Germany's aim with an Arms Trade Treaty (ATT) is to make a substantial contribution towards ensuring peace and security, regional stability and sustainable social and economic development. The four-week UN Conference on the Arms Trade Treaty in July 2012 ended with clear progress in the negotiations, although no agreement was reached on a treaty text based on the draft put forward by the presidency.
The July 2012 Conference was the latest stage in a process which was kick-started by civil society about ten years ago and which has been running under UN auspices since 2006. Following a commission of governmental experts in 2008, in which Germany was represented, and an Open-ended Working Group (OEWG) comprising all UN member states in 2009, a Preparatory Committee mandated by the UN General Assembly in December 2009 had since 2010 been considering the substantive issues to be dealt with at the 2012 Conference.
In the run-up to the ATT Conference in July 2012, the Federal Government worked intensively to promote a strong and robust ATT in seminars and workshops run by the EU and other organizations, as well as in exchanges with major partners in the ATT process and in bilateral talks. Further, in June 2012 it held a discussion event for the German public and civil society outlining the various aspects of the Treaty; at the Berlin Export Control Seminar it debated key issues regarding implementation of the future ATT with export control regime participating states.

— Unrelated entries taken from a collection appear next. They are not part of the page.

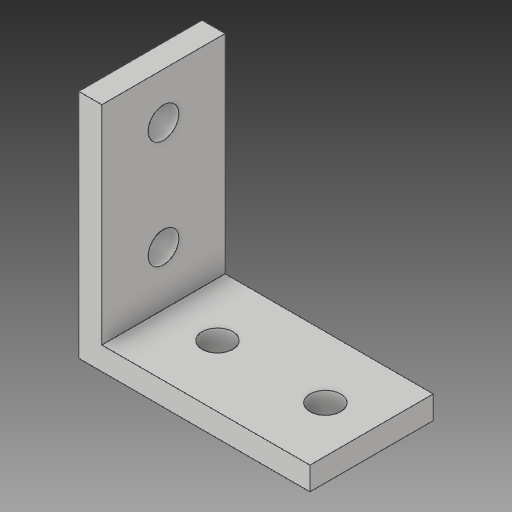
# Autodesk Inventor part: 金具 L型
Saved by Autodesk Inventor 2019 (Build 230136000, 136)
## iProperties
Created: 2020-09-29
Part Number: 金具 L型
Material: 一般
Document SubType Name: Modeling
Designer: Toshihito
Density: 1 g/cm^3
Appearance: 既定
Mass: 2.5852 g
Surface Area: 23.1227 cm^2
Volume: 2.5852 cm^3
Author: Toshihito
Autodesk Inventor part; units mm, degrees
ref_plane "YZ Plane" through (0, 0, 0) normal (1, 0, 0) x (0, 1, 0)
ref_plane "XZ Plane" through (0, 0, 0) normal (0, 1, 0) x (-1, 0, 0)
ref_plane "XY Plane" through (0, 0, 0) normal (0, 0, 1) x (1, 0, 0)
sketch "スケッチ1" plane through (0, 0, 0) normal (0, 0, 1) x (1, 0, 0)
  line L0 (0, 0) -> (3, 0)
  line L1 (3, 3) -> (3, 30)
  line L2 (3, 30) -> (0, 30)
  line L3 (0, 30) -> (0, 0)
  line L4 (0, 0) -> (30, 0)
  line L5 (30, 0) -> (30, 3)
  line L6 (30, 3) -> (3, 3)
  line L7 (0, 3) -> (0, 0)
  dimension "d0" = 3
  dimension "d1" = 30
  dimension "d2" = 30
  dimension "d3" = 3
  constraints: 16 end point, 4 parallel, 2 horizontal, 2 perpendicular
  measures "d0" distance of L2.end L1.end
  measures "d1" distance of L1.end L0.end
  measures "d2" distance of L7.start L5.end
  measures "d3" distance of L5.end L4.end
extrude "押し出し1" add sketch "スケッチ1" along normal blind 16
sketch "スケッチ2" plane through (3, 3, 0) normal (1, 0, 0) x (0, 0, -1)
  line L0 (0, 27) -> (-16, 27) construction
  line L1 (-8, 27) -> (-8, -0.1535) construction
  line L2 (-16, 27) -> (-16, -3) construction
  line L3 (-16, 7) -> (0, 7) construction
  line L4 (-16, 21) -> (-0.0153, 21) construction
  line L5 (0, 0) -> (-16, 0) construction
  point P0 (0, -3)
  point P1 (-8.0076, 21)
  point P2 (-8, 7)
  dimension "d20" = 6
  dimension "d21" = 7
  constraints: 6 end point, 3 midpoint, 2 point on line, 1 horizontal, 1 perpendicular, 1 vertical
  measures "d20" distance between parallel lines of L0 L4
  measures "d21" distance between parallel lines of L5 L3
hole "穴1" at (3, 24, 8.0076) at (3, 10, 8) direction (-1, 0, 0) diameter 4 depth 3 tip angle 118
sketch "スケッチ3" plane through (3, 3, 0) normal (0, 1, 0) x (1, 0, 0)
  line L0 (-3, -8) -> (27, -8) construction
  line L1 (27, 0) -> (27, -16) construction
  line L2 (-3, -16) -> (27, -16) construction
  line L3 (7, -16) -> (7, 0) construction
  line L4 (27, 0) -> (-3, 0) construction
  line L5 (21, -16) -> (21, 0) construction
  line L6 (0, 0) -> (0, -16) projected
  point P0 (7, -8)
  point P1 (21, -8)
  dimension "d23" = 6
  dimension "d24" = 7
  constraints: 6 end point, 3 midpoint, 2 point on line, 1 perpendicular, 1 vertical
  measures "d23" distance between parallel lines of L1 L5
  measures "d24" distance between parallel lines of L6 L3
hole "穴2" at (10, 3, 8) at (24, 3, 8) direction (0, -1, 0) diameter 4 depth 3 tip angle 118

At the start of the July Conference, Foreign Minister Guido Westerwelle and his counterparts from France, the UK and Sweden published a joint article in various international newspapers pointing to the urgent need for such a treaty. At the beginning of the UN General Assembly session in September 2012, Foreign Minister Westerwelle and those same colleagues, along with their Italian and Spanish counterparts, issued a communiqué emphatically calling for the continuation of the ATT process under UN auspices on the basis of the progress made in July.
On 24 December 2012, the UN General Assembly decided by a large majority to adopt a resolution on the continuation of the ATT process. This is fully in line with the Federal Government’s ideas, and provides for a two-week “Final UN Conference on the Arms Trade Treaty” to be held at the end of March 2013, working from the last draft treaty from the previous conference and with the same rules of procedure.
The Federal Government strongly supported the continuation of the ATT process, urging its partners to do likewise. It will continue its engagement for a strong Treaty in 2013 and beyond.
Together with its European partners, the Federal Government continues to maintain that the range of arms to be controlled should be as wide as possible, including small arms and ammunition, and that the ATT should contain a binding catalogue of clear criteria for arms exports (including the safeguarding of human rights, respect for international humanitarian law, the preservation of regional stability and consideration of the domestic situation in the recipient state) as well as an effective system of guarantees concerning end use.
Around the world the EU and its member states are among the most prominent advocates of the idea of an Arms Trade Treaty. The EU has promoted such a Treaty by organizing seminars and regular consultations in all regions of the world; it will continue to do so, with the support of its member states.
Germany will play an active part in the negotiations at the Final UN Conference on the ATT, which is to be held in New York from 18 to 28 March 2013. It will make every effort to negotiate an Arms Trade Treaty which is robust and demanding, but at the same time possible to implement.